Der frühere HSV-Profi arbeitet nach seiner schweren Knieverletzung im Hamburger Epi-Zentrum an seinem Comeback. Ein Ortsbesuch.

Hamburg. Es ist heiß. Draußen, aber vor allem drinnen. „Das ist doch nicht heiß“, sagt Piotr Trochowski, dem der Schweiß in Strömen über die Stirn läuft, „in Sevilla sind es 45 Grad im Sommer. Das ist heiß.“ 30 Sekunden Pause sind um, und Trochowskis spanischer Rehatrainer Sergio Dominguez mahnt im Kraftraum des Epi-Zentrums in Eimsbüttel die nächste Übung an: „Arriba, Ándale“, ruft Dominguez und wirft einen Medizinball in Trochowskis Richtung, den der frühere HSV-Profi fangen muss, dann ein Bauchaufzug und zurückwerfen. Auf! Los!

„Das Programm ist natürlich anstrengend, aber ich weiß ja, wofür ich mich quäle“, sagt Trochowski, der gerade für eine Woche in seiner Heimatstadt Hamburg zu Besuch ist. Für den FC Sevilla, für sich, für sein Comeback, aber vor allem für seine Karriere.

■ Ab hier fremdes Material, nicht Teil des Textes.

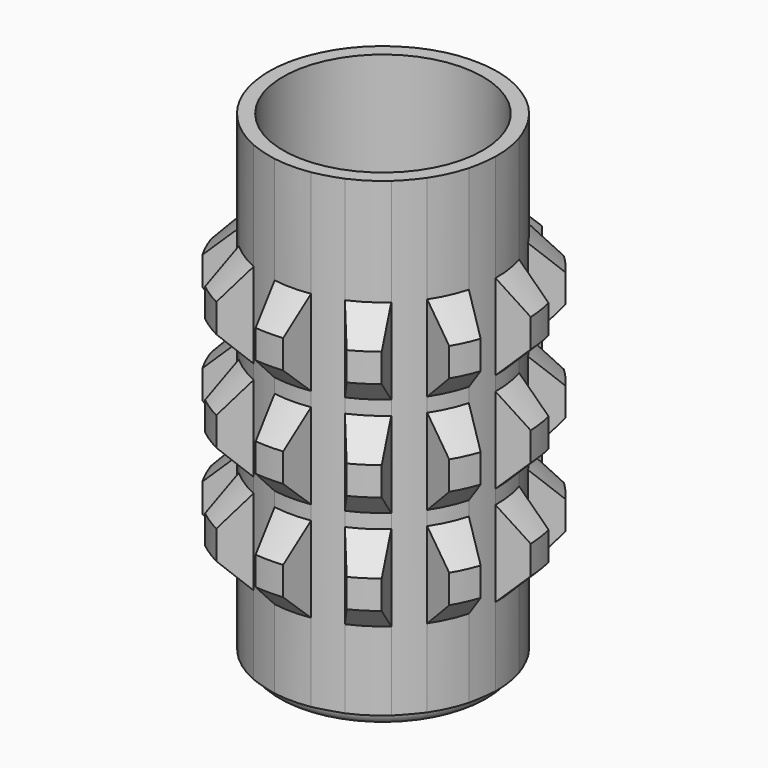
from build123d import *

# Parameters (mm, degrees)
F6_DEPTH = 225.001


# Not quite as in the source:
# - a feature names something its author has since deleted; it is built from what else it names


with BuildPart() as f1:
    # F0 (on Front) → F1 (revolve)
    with BuildSketch(Plane.XZ):
        with BuildLine():
            Line((40, -80), (40, 85))
            Line((40, 85), (35, 85))
            Line((35, 85), (35, -75))
            ThreePointArc((35, -75), (33.5355339059, -78.5355339059), (30, -80))
            Line((30, -80), (0, -80))
            Line((0, -80), (0, -85))
            Line((0, -85), (32.9289321881, -85))
            ThreePointArc((32.9289321881, -85), (37.5483298507, -81.9134171618), (36.4644660941, -76.4644660941))
            Line((36.4644660941, -76.4644660941), (40, -80))
        make_face()
    revolve(axis=Axis((0, 0, 2.5), (0, 0, 1)))

    # F2 (on Front) → F3 (revolve)
    with BuildSketch(Plane.XZ):
        Polygon((50, 37.5), (40, 47.5), (40, 17.5), (50, 27.5), align=None)
        Polygon((50, -7.5), (50, 2.5), (40, 12.5), (40, -17.5), align=None)
        Polygon((50, -42.5), (50, -32.5), (40, -22.5), (40, -52.5), align=None)
    revolve(axis=Axis((0, 0, 2.5), (0, 0, 1)))

    # F5 (on offset) → F6 (cut, through all)
    with BuildSketch(Plane.XY.offset(140)):
        with BuildLine():
            ThreePointArc((-18.8668219017, 48.0068175713), (-27.9042191508, 43.4198125328), (-35.8309761925, 37.104617598))
            Line((-35.8309761925, 37.104617598), (-25.6622849381, 30.6830104741))
            ThreePointArc((-25.6622849381, 30.6830104741), (-21.591517079, 33.5970563735), (-17.2497496098, 36.0894186487))
            Line((-17.2497496098, 36.0894186487), (-18.8668219017, 48.0068175713))
        make_face()
        with BuildLine():
            ThreePointArc((-5, 39.686269666), (0, 39.9368978106), (5, 39.686269666))
            Line((5, 39.686269666), (10.0826645171, 50.5860788976))
            ThreePointArc((10.0826645171, 50.5860788976), (0, 51.6132305402), (-10.0826645171, 50.5860788976))
            Line((-10.0826645171, 50.5860788976), (-5, 39.686269666))
        make_face()
        with BuildLine():
            ThreePointArc((-41.8262256733, 30.1857308662), (-46.949045883, 21.4409108359), (-50.2032060963, 11.8427023797))
            Line((-50.2032060963, 11.8427023797), (-38.1769757294, 11.9381122525))
            ThreePointArc((-38.1769757294, 11.9381122525), (-36.3278800438, 16.5903869233), (-34.0228255994, 21.0344322061))
            Line((-34.0228255994, 21.0344322061), (-41.8262256733, 30.1857308662))
        make_face()
        with BuildLine():
            ThreePointArc((-51.5060983236, 2.7808878932), (-51.0878822734, -7.3453285571), (-48.6362727834, -17.1791871675))
            Line((-48.6362727834, -17.1791871675), (-38.5707464723, -10.5970522586))
            ThreePointArc((-38.5707464723, -10.5970522586), (-39.5303977752, -5.6836131531), (-39.993894855, -0.6988378398))
            Line((-39.993894855, -0.6988378398), (-51.5060983236, 2.7808878932))
        make_face()
        with BuildLine():
            ThreePointArc((-44.8331486809, -25.5068673371), (-39.0066770118, -33.7994780328), (-31.6276665093, -40.7468061715))
            Line((-31.6276665093, -40.7468061715), (-26.718577738, -29.7677275528))
            ThreePointArc((-26.718577738, -29.7677275528), (-30.1822935214, -26.1531062118), (-33.2671850775, -22.2102318092))
            Line((-33.2671850775, -22.2102318092), (-44.8331486809, -25.5068673371))
        make_face()
        with BuildLine():
            ThreePointArc((-23.9259911079, -45.6963724108), (-14.5411274069, -49.5225320489), (-4.5774995889, -51.3776021191))
            Line((-4.5774995889, -51.3776021191), (-6.3834493564, -39.4873596777))
            ThreePointArc((-6.3834493564, -39.4873596777), (-11.2515243325, -38.3191728373), (-15.9783790926, -36.6700341093))
            Line((-15.9783790926, -36.6700341093), (-23.9259911079, -45.6963724108))
        make_face()
        with BuildLine():
            ThreePointArc((4.5774995889, -51.3776021191), (14.5411274069, -49.5225320489), (23.9259911079, -45.6963724108))
            Line((23.9259911079, -45.6963724108), (15.9783790926, -36.6700341093))
            ThreePointArc((15.9783790926, -36.6700341093), (11.2515243325, -38.3191728373), (6.3834493564, -39.4873596777))
            Line((6.3834493564, -39.4873596777), (4.5774995889, -51.3776021191))
        make_face()
        with BuildLine():
            ThreePointArc((31.6276665093, -40.7468061715), (39.0066770118, -33.7994780328), (44.8331486809, -25.5068673371))
            Line((44.8331486809, -25.5068673371), (33.2671850775, -22.2102318092))
            ThreePointArc((33.2671850775, -22.2102318092), (30.1822935214, -26.1531062118), (26.718577738, -29.7677275528))
            Line((26.718577738, -29.7677275528), (31.6276665093, -40.7468061715))
        make_face()
        with BuildLine():
            ThreePointArc((48.6362727834, -17.1791871675), (51.0878822734, -7.3453285571), (51.5060983236, 2.7808878932))
            Line((51.5060983236, 2.7808878932), (39.993894855, -0.6988378398))
            ThreePointArc((39.993894855, -0.6988378398), (39.5303977752, -5.6836131531), (38.5707464723, -10.5970522586))
            Line((38.5707464723, -10.5970522586), (48.6362727834, -17.1791871675))
        make_face()
        with BuildLine():
            ThreePointArc((50.2032060963, 11.8427023797), (46.949045883, 21.4409108359), (41.8262256733, 30.1857308662))
            Line((41.8262256733, 30.1857308662), (34.0228255994, 21.0344322061))
            ThreePointArc((34.0228255994, 21.0344322061), (36.3278800438, 16.5903869233), (38.1769757294, 11.9381122525))
            Line((38.1769757294, 11.9381122525), (50.2032060963, 11.8427023797))
        make_face()
        with BuildLine():
            ThreePointArc((35.8309761925, 37.104617598), (27.9042191508, 43.4198125328), (18.8668219017, 48.0068175713))
            Line((18.8668219017, 48.0068175713), (17.2497496098, 36.0894186487))
            ThreePointArc((17.2497496098, 36.0894186487), (21.591517079, 33.5970563735), (25.6622849381, 30.6830104741))
            Line((25.6622849381, 30.6830104741), (35.8309761925, 37.104617598))
        make_face()
    extrude(amount=-F6_DEPTH, mode=Mode.SUBTRACT)


solid = f1.part

Zwischen dem Tor gegen Barcelona und der Verletzung lagen nur zwölf Minuten

Rückblick: Es war der 29. September 2012, als Trochowski in nur zwölf Minuten Himmel und Hölle eines Fußballerlebens erlebte. Gerade hatte der Mittelfeldmann zur 1:0-Führung gegen den FC Barcelona getroffen, als er einen heftigen Schmerz im rechten Knie spürte. Trochowski musste vom Feld. Erste Diagnose: nichts Schlimmes. Trotzdem flog der frühere Nationalspieler zu DFB-Arzt Hans-Wilhelm Müller-Wohlfahrt nach München, der nach kurzer Untersuchung für die bittere Gewissheit sorgte: Knorpelschaden.

„Als ich die Röntgenbilder sah, war das ein Schock“, sagt der 29-Jährige. Müller-Wohlfahrt riet, sofort zur Operation in die USA zu Kniespezialist Richard Steadman zu reisen. „Eigentlich wollte ich nur einen Tag in München bleiben, deswegen hatte ich weder Gepäck noch einen Reisepass dabei“, erinnert sich Trochowski, dessen Frau Melanie alles aus der Wohnung in Sevilla besorgte. Noch am gleichen Tag flog der frühere Hamburger, der insgesamt sechs Jahre beim HSV gespielte hatte, über Madrid nach Colorado, wo schon bald der nächste Schock warten sollte.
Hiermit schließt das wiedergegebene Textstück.